Role of Toll-like receptor 4 in hyperoxia-induced lung inflammation in mice

Prolonged exposure to hyperoxia causes lung inflammation, but the role of Toll-like receptor 4 (TLR4) in hyperoxia-induced signal transduction remains unclear. We evaluated neutrophil accumulation, signal transduction and cytokine production during hyperoxia, comparing TLR4 mutant (C3H/HeJ) and wild type (C3H/HeN) mice. The mice were exposed to 80% oxygen in a hyperoxic chamber for 0 (control), 48, or 96 h. After the exposure, bronchoalveolar lavage (BAL) was performed for differential cell counting and cytokine measurement. In lung homogenate, activation of NF-kappa B and STAT1 was also examined. In C3H/HeJ mice, hyperoxia-induced neutrophil accumulation in BAL fluid was significantly decreased compared with C3H/HeN. Hyperoxia for 96 h caused NF-kappa B translocation in C3H/HeN mice, which was significantly attenuated in C3H/HeJ mice (p < 0.05).
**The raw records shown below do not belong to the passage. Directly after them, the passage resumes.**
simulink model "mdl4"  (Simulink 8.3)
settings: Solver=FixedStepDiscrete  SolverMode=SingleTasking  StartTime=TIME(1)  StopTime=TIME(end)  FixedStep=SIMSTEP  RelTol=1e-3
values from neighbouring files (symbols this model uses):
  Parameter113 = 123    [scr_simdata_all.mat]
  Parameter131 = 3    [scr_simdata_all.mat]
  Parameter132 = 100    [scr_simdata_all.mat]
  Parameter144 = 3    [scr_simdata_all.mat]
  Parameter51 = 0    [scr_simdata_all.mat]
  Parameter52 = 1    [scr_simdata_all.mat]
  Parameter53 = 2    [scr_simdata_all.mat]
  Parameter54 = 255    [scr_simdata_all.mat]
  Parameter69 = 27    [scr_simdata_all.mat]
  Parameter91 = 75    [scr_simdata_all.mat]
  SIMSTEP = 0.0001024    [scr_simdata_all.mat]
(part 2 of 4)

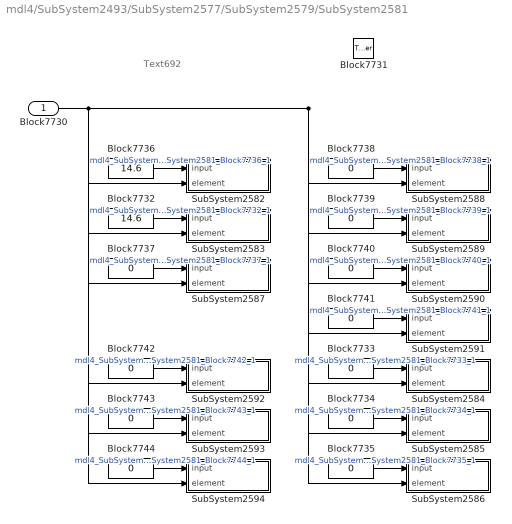
== system mdl4/SubSystem2493/SubSystem2577/SubSystem2579/SubSystem2581 ==
  note: Text692
  Block7730 : Inport
  Block7731 : TriggerPort  TriggerType=function-call
  Block7732 : Constant  Value=14.6  OutDataTypeStr=double  SampleTime=-1
  Block{7733..7735,7737..7744} (11 alike) : Constant  Value=0  OutDataTypeStr=double  SampleTime=-1
  Block7736 : Constant  Value=14.6  OutDataTypeStr=double  SampleTime=-1
  SubSystem2582 : Subsystem  TreatAsAtomicUnit=on  mask(***ATC.DSWVEC***){bd_version=1.01.A, r0=DSM258, r1=-1, r2=, r3=, r4=, r5=, r6=, r7=, r8=, r9=, c0=, c1=, c2=, c3=, c4=, c5=, c6=, c7=, c8=, c9=}
      mask prompts: bd_version "Version"
      mask help: これはAutoCからのブロックです．編集禁止．
      settings: OpenFcn=warndlg('変更禁止!');
      mask Help: web(ui_blockhelpmng(gcb));
      mask Display: disp('ATC.DSRVEC')
  SubSystem2583 : Subsystem  TreatAsAtomicUnit=on  mask(***ATC.DSWVEC***){bd_version=1.01.A, r0=DSM275, r1=-1, r2=, r3=, r4=, r5=, r6=, r7=, r8=, r9=, c0=, c1=, c2=, c3=, c4=, c5=, c6=, c7=, c8=, c9=}
      mask prompts: bd_version "Version"
      mask help: これはAutoCからのブロックです．編集禁止．
      settings: OpenFcn=warndlg('変更禁止!');
      mask Help: web(ui_blockhelpmng(gcb));
      mask Display: disp('ATC.DSRVEC')
  SubSystem2584 : Subsystem  TreatAsAtomicUnit=on  mask(***ATC.DSWVEC***){bd_version=1.01.A, r0=DSM295, r1=-1, r2=, r3=, r4=, r5=, r6=, r7=, r8=, r9=, c0=, c1=, c2=, c3=, c4=, c5=, c6=, c7=, c8=, c9=}
      mask prompts: bd_version "Version"
      mask help: これはAutoCからのブロックです．編集禁止．
      settings: OpenFcn=warndlg('変更禁止!');
      mask Help: web(ui_blockhelpmng(gcb));
      mask Display: disp('ATC.DSRVEC')
  SubSystem2585 : Subsystem  TreatAsAtomicUnit=on  mask(***ATC.DSWVEC***){bd_version=1.01.A, r0=DSM280, r1=-1, r2=, r3=, r4=, r5=, r6=, r7=, r8=, r9=, c0=, c1=, c2=, c3=, c4=, c5=, c6=, c7=, c8=, c9=}
      mask prompts: bd_version "Version"
      mask help: これはAutoCからのブロックです．編集禁止．
      settings: OpenFcn=warndlg('変更禁止!');
      mask Help: web(ui_blockhelpmng(gcb));
      mask Display: disp('ATC.DSRVEC')
  SubSystem2586 : Subsystem  TreatAsAtomicUnit=on  mask(***ATC.DSWVEC***){bd_version=1.01.A, r0=DSM282, r1=-1, r2=, r3=, r4=, r5=, r6=, r7=, r8=, r9=, c0=, c1=, c2=, c3=, c4=, c5=, c6=, c7=, c8=, c9=}
      mask prompts: bd_version "Version"
      mask help: これはAutoCからのブロックです．編集禁止．
      settings: OpenFcn=warndlg('変更禁止!');
      mask Help: web(ui_blockhelpmng(gcb));
      mask Display: disp('ATC.DSRVEC')
  SubSystem2587 : Subsystem  TreatAsAtomicUnit=on  mask(***ATC.DSWVEC***){bd_version=1.01.A, r0=DSM274, r1=-1, r2=, r3=, r4=, r5=, r6=, r7=, r8=, r9=, c0=, c1=, c2=, c3=, c4=, c5=, c6=, c7=, c8=, c9=}
      mask prompts: bd_version "Version"
      mask help: これはAutoCからのブロックです．編集禁止．
      settings: OpenFcn=warndlg('変更禁止!');
      mask Help: web(ui_blockhelpmng(gcb));
      mask Display: disp('ATC.DSRVEC')
  SubSystem2588 : Subsystem  TreatAsAtomicUnit=on  mask(***ATC.DSWVEC***){bd_version=1.01.A, r0=DSM302, r1=-1, r2=, r3=, r4=, r5=, r6=, r7=, r8=, r9=, c0=, c1=, c2=, c3=, c4=, c5=, c6=, c7=, c8=, c9=}
      mask prompts: bd_version "Version"
      mask help: これはAutoCからのブロックです．編集禁止．
      settings: OpenFcn=warndlg('変更禁止!');
      mask Help: web(ui_blockhelpmng(gcb));
      mask Display: disp('ATC.DSRVEC')
  SubSystem2589 : Subsystem  TreatAsAtomicUnit=on  mask(***ATC.DSWVEC***){bd_version=1.01.A, r0=DSM303, r1=-1, r2=, r3=, r4=, r5=, r6=, r7=, r8=, r9=, c0=, c1=, c2=, c3=, c4=, c5=, c6=, c7=, c8=, c9=}
      mask prompts: bd_version "Version"
      mask help: これはAutoCからのブロックです．編集禁止．
      settings: OpenFcn=warndlg('変更禁止!');
      mask Help: web(ui_blockhelpmng(gcb));
      mask Display: disp('ATC.DSRVEC')
  SubSystem2590 : Subsystem  TreatAsAtomicUnit=on  mask(***ATC.DSWVEC***){bd_version=1.01.A, r0=DSM300, r1=-1, r2=, r3=, r4=, r5=, r6=, r7=, r8=, r9=, c0=, c1=, c2=, c3=, c4=, c5=, c6=, c7=, c8=, c9=}
      mask prompts: bd_version "Version"
      mask help: これはAutoCからのブロックです．編集禁止．
      settings: OpenFcn=warndlg('変更禁止!');
      mask Help: web(ui_blockhelpmng(gcb));
      mask Display: disp('ATC.DSRVEC')
  SubSystem2591 : Subsystem  TreatAsAtomicUnit=on  mask(***ATC.DSWVEC***){bd_version=1.01.A, r0=DSM301, r1=-1, r2=, r3=, r4=, r5=, r6=, r7=, r8=, r9=, c0=, c1=, c2=, c3=, c4=, c5=, c6=, c7=, c8=, c9=}
      mask prompts: bd_version "Version"
      mask help: これはAutoCからのブロックです．編集禁止．
      settings: OpenFcn=warndlg('変更禁止!');
      mask Help: web(ui_blockhelpmng(gcb));
      mask Display: disp('ATC.DSRVEC')
  SubSystem2592 : Subsystem  TreatAsAtomicUnit=on  mask(***ATC.DSWVEC***){bd_version=1.01.A, r0=DSM293, r1=-1, r2=, r3=, r4=, r5=, r6=, r7=, r8=, r9=, c0=, c1=, c2=, c3=, c4=, c5=, c6=, c7=, c8=, c9=}
      mask prompts: bd_version "Version"
      mask help: これはAutoCからのブロックです．編集禁止．
      settings: OpenFcn=warndlg('変更禁止!');
      mask Help: web(ui_blockhelpmng(gcb));
      mask Display: disp('ATC.DSRVEC')
  SubSystem2593 : Subsystem  TreatAsAtomicUnit=on  mask(***ATC.DSWVEC***){bd_version=1.01.A, r0=DSM279, r1=-1, r2=, r3=, r4=, r5=, r6=, r7=, r8=, r9=, c0=, c1=, c2=, c3=, c4=, c5=, c6=, c7=, c8=, c9=}
      mask prompts: bd_version "Version"
      mask help: これはAutoCからのブロックです．編集禁止．
      settings: OpenFcn=warndlg('変更禁止!');
      mask Help: web(ui_blockhelpmng(gcb));
      mask Display: disp('ATC.DSRVEC')
  SubSystem2594 : Subsystem  TreatAsAtomicUnit=on  mask(***ATC.DSWVEC***){bd_version=1.01.A, r0=DSM281, r1=-1, r2=, r3=, r4=, r5=, r6=, r7=, r8=, r9=, c0=, c1=, c2=, c3=, c4=, c5=, c6=, c7=, c8=, c9=}
      mask prompts: bd_version "Version"
      mask help: これはAutoCからのブロックです．編集禁止．
      settings: OpenFcn=warndlg('変更禁止!');
      mask Help: web(ui_blockhelpmng(gcb));
      mask Display: disp('ATC.DSRVEC')
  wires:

In contrast, STAT1 activation occurred as early as after 48 h of oxygen exposure, which did not differ between the two strains. The levels of TNF-alpha, IL-6, and KC in BAL fluid were increased after oxygen exposure, which was suppressed by the lack of TLR4 signaling. These results suggest that TLR4-dependent NF-kB activation may be an important process of the upregulation of proinflammatory mediators and subsequent neutrophil accumulation into the lung during hyperoxia.